Pam suggested they go to a Marriage Seminar on Memorial Day weekend in 1977, and Barry agreed. A speaker presented the gospel during one of the sessions, and Barry finally understood what was missing in his life. He returned to his hotel room while Pam attended a women’s session.
“I began to think that I could never be the father that my kids needed so badly. I could never be the husband that she needed so badly. I could never be the person God wanted me to be without Jesus Christ in my life.” As he invited Christ into his life, tears began streaming down his face for the first time since he was a young boy.
He naturally told Pam right away, and over the following week of vacation they truly began to establish a new home. “We had been on two different ships heading to two different ports, with different goals and different dreams and different ideals,” Barry says. “And from that moment on, we truly became one flesh.”
“I love you, too, Mom”
The Abells have no doubt that they would have divorced if God had not intervened in their lives. And not just because of their parenting struggles. “We’re just so different,” says Pam, ” but we’re also two strongly opinionated people. Ego gets in the way. Without Jesus molding and shaping us daily, we would have alienated each other.”

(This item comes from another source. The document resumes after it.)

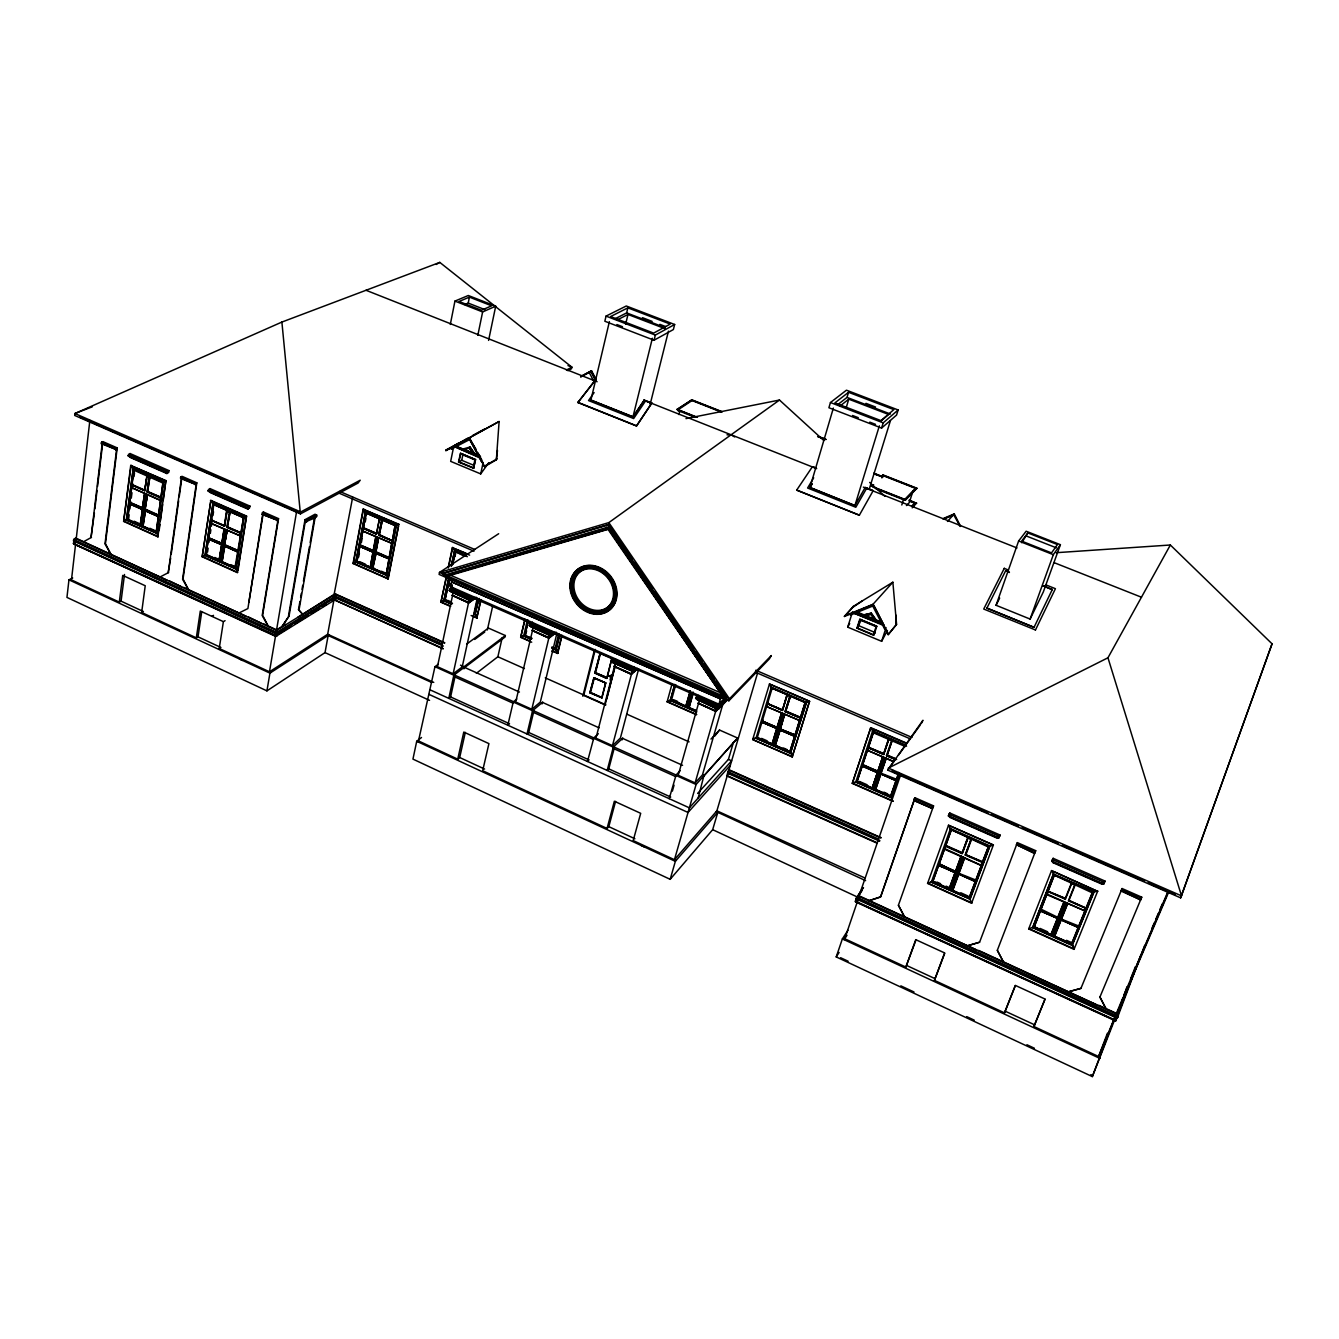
<?xml version="1.0" encoding="UTF-8"?>
<svg xmlns="http://www.w3.org/2000/svg" width="1339" height="1339" viewBox="0 0 1339 1339"><rect width="100%" height="100%" fill="white"/><g stroke="black" fill="none" stroke-linecap="round" stroke-linejoin="round"><path stroke-width="1.5" d="M1117.948 1016.284L1117.412 1014.259L858.45 895.975L856.625 897.097L1117.948 1016.284M858.332 898.151L857.228 902.118M475.931 449.067L469.32 438.422L484.534 466.692L496.367 459.796L497.489 450.54M496.367 459.796L499.112 421.5L445.803 450.59L470.006 438.037M998.71 838.047L1000.082 835.051L949.803 812.991L948.933 814.397L948.38 815.953L998.727 838.03L1000.082 835.051M796.688 490.107L859.353 515.197L796.688 490.107L812.388 466.742L815.685 467.897M812.087 483.764L809.928 487.597L854.901 505.556L865.195 487.48L873.246 490.677M1092.406 892.895L1054.278 875.187L1034.009 927.341L1054.278 875.187L1051.533 870.601L1097.595 891.356L1074.045 949.351L1028.687 928.931L1051.533 870.601M728.031 771.816L727.562 773.155L879.589 841.16M1048.102 891.439L1065.325 898.402L1047.968 891.171M1046.83 894.67L1085.109 910.989L1046.88 894.017M1040.386 911.089L1057.509 918.035L1050.847 934.689L1034.076 926.672L1028.687 928.931M1040.955 909.131L1057.977 917.433M946.121 844.608L932.764 881.598L931.358 882.116L970.156 899.105L989.939 845.88L950.506 828.506L931.358 882.116L970.156 899.105M866.684 488.233L855.805 507.263L807.601 488.015L813.677 477.789M72.708 577.979L68.959 579.837L66.95 597.412L266.93 690.874L325.026 652.612L328.155 635.506L431.811 682.539M610.668 676.915L611.722 676.463L611.002 677.3L608.492 675.877L610.869 676.714M89.864 420.429L76.273 538.328C74.482 539.885 74.649 543.985 75.57 544.32L71.469 579.921L119.305 602.115L121.079 601.178L143.39 611.521L141.649 612.475L145.231 585.746L122.719 575.402L119.305 602.115M102.417 441.803L91.035 537.558L94.4 512.904M94.885 508.82L97.061 490.492M97.546 486.425L102.4 445.686M116.56 449.686L101.379 443.745L101.262 442.707L102.885 441.619L117.213 447.896L105.446 543.701L111.07 554.647L104.994 543.919L116.56 449.686L104.024 444.18M130.101 453.553L129.9 455.126L128.008 455.712L130.101 453.553L169.015 470.625L166.856 473.537L168.798 472.198M157.55 533.257L157.868 536.822L123.64 521.407L130.72 465.487L165.902 480.601L163.191 500.602M126.268 519.967L133.281 468.332L163.827 481.789L156.864 533.307L126.268 519.967L156.864 533.307M126.736 519.766L133.281 468.332M129.163 514.846L128.661 518.779L127.272 519.582L134.101 469.504L131.172 465.286L123.64 521.407M129.515 503.598L129.615 502.728M141.365 525.725L156.295 532.035L158.303 536.604L124.092 521.206L127.757 519.197L129.766 503.497L142.62 509.238L140.562 524.955L142.62 509.238M129.916 502.259L142.788 508L129.465 502.46L131.791 487.664L160.563 500.435L131.674 487.681L131.975 485.203L144.913 490.928L146.888 475.881L149.181 476.902L147.206 491.949L148.964 477.002M131.691 484.919L134.101 469.504L133.415 469.989L162.337 482.743L163.827 481.789M129.916 508.954L130.419 505.037M131.289 498.192L131.992 492.719M134.034 476.617L134.519 472.868M121.079 601.178L124.494 574.498M727.562 773.155L727.261 775.666M142.336 508.217L144.696 493.405M133.08 484.132L131.724 484.751L144.662 490.476L147.072 475.228L146.386 475.713M143.022 506.175L143.976 498.878M144.662 490.476L146.587 478.994M144.88 509.657L147.575 494.677L144.88 509.657L157.835 516.251L144.763 510.527L142.704 526.26L141.616 525.775L145.683 494.242M145.499 510.527L142.972 526.461L145.499 510.527L156.579 515.465M147.123 494.878L145.215 509.489L158.153 515.264L157.985 516.503L145.047 510.728M147.541 491.764L149.968 476.5L147.541 491.764L160.981 497.321L147.993 491.547M160.111 500.652L160.546 497.522M157.868 536.822L165.902 480.601L162.17 482.676L163.023 482.258L156.06 533.374L163.023 482.258L132.762 468.884L134.101 469.504M159.123 530.612L159.944 524.603M160.479 520.603L162.655 504.602M181.635 476.55L168.229 572.707L170.656 558.162M171.225 554.078L178.656 500.886M179.225 496.802L181.501 480.433M196.147 484.601L180.598 478.508L180.514 477.471L182.071 476.349L196.816 482.81L183.025 579.017L188.715 590.081L182.589 579.251L196.147 484.601L185.1 479.764M1053.508 873.898L1032.637 927.676L1072.137 945.451L1094.147 891.807L1053.508 873.898L1032.637 927.676L1034.444 925.885M1054.278 875.187L1054.144 876.024L1053.391 874.752L1094.147 891.807M210.005 488.601L209.771 490.191L207.98 490.827L210.005 488.601L249.975 506.125L247.732 509.054L249.724 507.715M236.919 568.958L237.304 572.59L202.172 556.773L210.876 500.401L246.543 516.101L238.041 570.347M204.9 555.334L212.985 503.464L244.351 517.272L236.25 569.025L204.9 555.334L236.25 569.025M205.336 555.116L212.985 503.464M208.499 538.897L208.633 538.027L221.839 543.919L223.948 529.323L225.203 529.759L220.299 561.158L219.194 560.656L221.722 544.789L208.382 538.964L221.939 544.672L208.298 538.998M210.792 523.013L211.378 520.419L224.651 526.311L226.944 511.197L229.304 512.234L226.793 527.466L240.351 533.273L239.966 535.767M214.658 504.217L213.336 505.037L205.938 554.965L213.805 504.652L210.876 500.401L202.172 556.773M207.545 552.12L208.131 548.187M209.001 542.278L209.587 538.328M210.323 533.424L210.859 529.775M211.411 526.11L211.947 522.444L210.658 523.097L240.635 536.002L210.625 523.281M212.985 515.532L213.537 511.766M141.649 612.475L196.314 637.849L200.298 611.036L223.395 621.647L225.069 620.66M610.902 678.672L611.002 678.89M196.314 637.849L198.005 636.845L201.687 612.141M221.504 544.906L219.111 560.69L220.383 560.003L214.759 557.476M221.705 543.651L224.349 528.771L222.123 543.433L208.482 537.759L222.123 543.433M212.416 519.314L211.127 519.967L224.4 525.859L226.458 511.029M218.943 560.623L221.638 546.647M224.4 525.859L226.843 512.419M225.404 529.641L220.584 561.342L235.681 567.719L237.723 572.356L202.591 556.539L207.26 554.095M224.182 546.027L221.772 561.811L224.182 546.027L237.455 551.953M224.316 545.14L227.312 530.077L224.316 545.14L238.342 550.68L225.069 544.755M224.433 545.073L226.676 530.411L225.555 529.909M224.45 546.212L222.04 562.012L224.885 545.994L238.158 551.919L224.885 545.994M226.877 530.294L224.634 544.973L237.924 550.898L237.723 552.153M227.362 527.164L230.09 511.833L227.362 527.164L241.12 532.855L227.781 526.947M270.947 672.479L219.228 648.478L223.395 621.647M240.217 536.219L240.702 533.089M237.304 572.59L246.543 516.101L242.66 518.16L244.351 517.272M263.013 512.251L247.899 608.559L239.363 612.81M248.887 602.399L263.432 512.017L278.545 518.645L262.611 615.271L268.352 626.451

Recently Pam caught another glimpse of how God is working in their family. Through the child-rearing years, she says, “Every day we would try to just reinforce our love to our children, even if at times they wanted to push away. Even during Marc’s really tough years, we’d ask, ‘Marc, do you know we love you?’ and he’d say, ‘I know you love me.'”
But for over 20 years, since Marc was five, they didn’t hear any expression of love from him in return. When his family came to visit for Christmas in 1998, at one point Pam put her arms around him and said, ” Marc, I love you. It’s so good to be with you.” To her joy, he replied, “I love you too, Mom.”
Through her tears, Pam knew it was one more confirmation of the transformation God had made in their lives.
Epilogue: Today Marc is a husband and father, and owns a landscaping company. In 1978, Barry helped begin a Bible study on Wall Street that continues to this day. Barry left Wall Street in 1990 so he and Pam could work full-time with the Executive Ministry of Campus Crusade for Christ. They also speak regularly at FamilyLife marriage getaways, telling couples about the hope they found in Christ. Pam tells moms at these conferences that “sometimes the greatest work you will do on behalf of your children is on your knees praying for them. And letting them know that you’re not giving up on them.”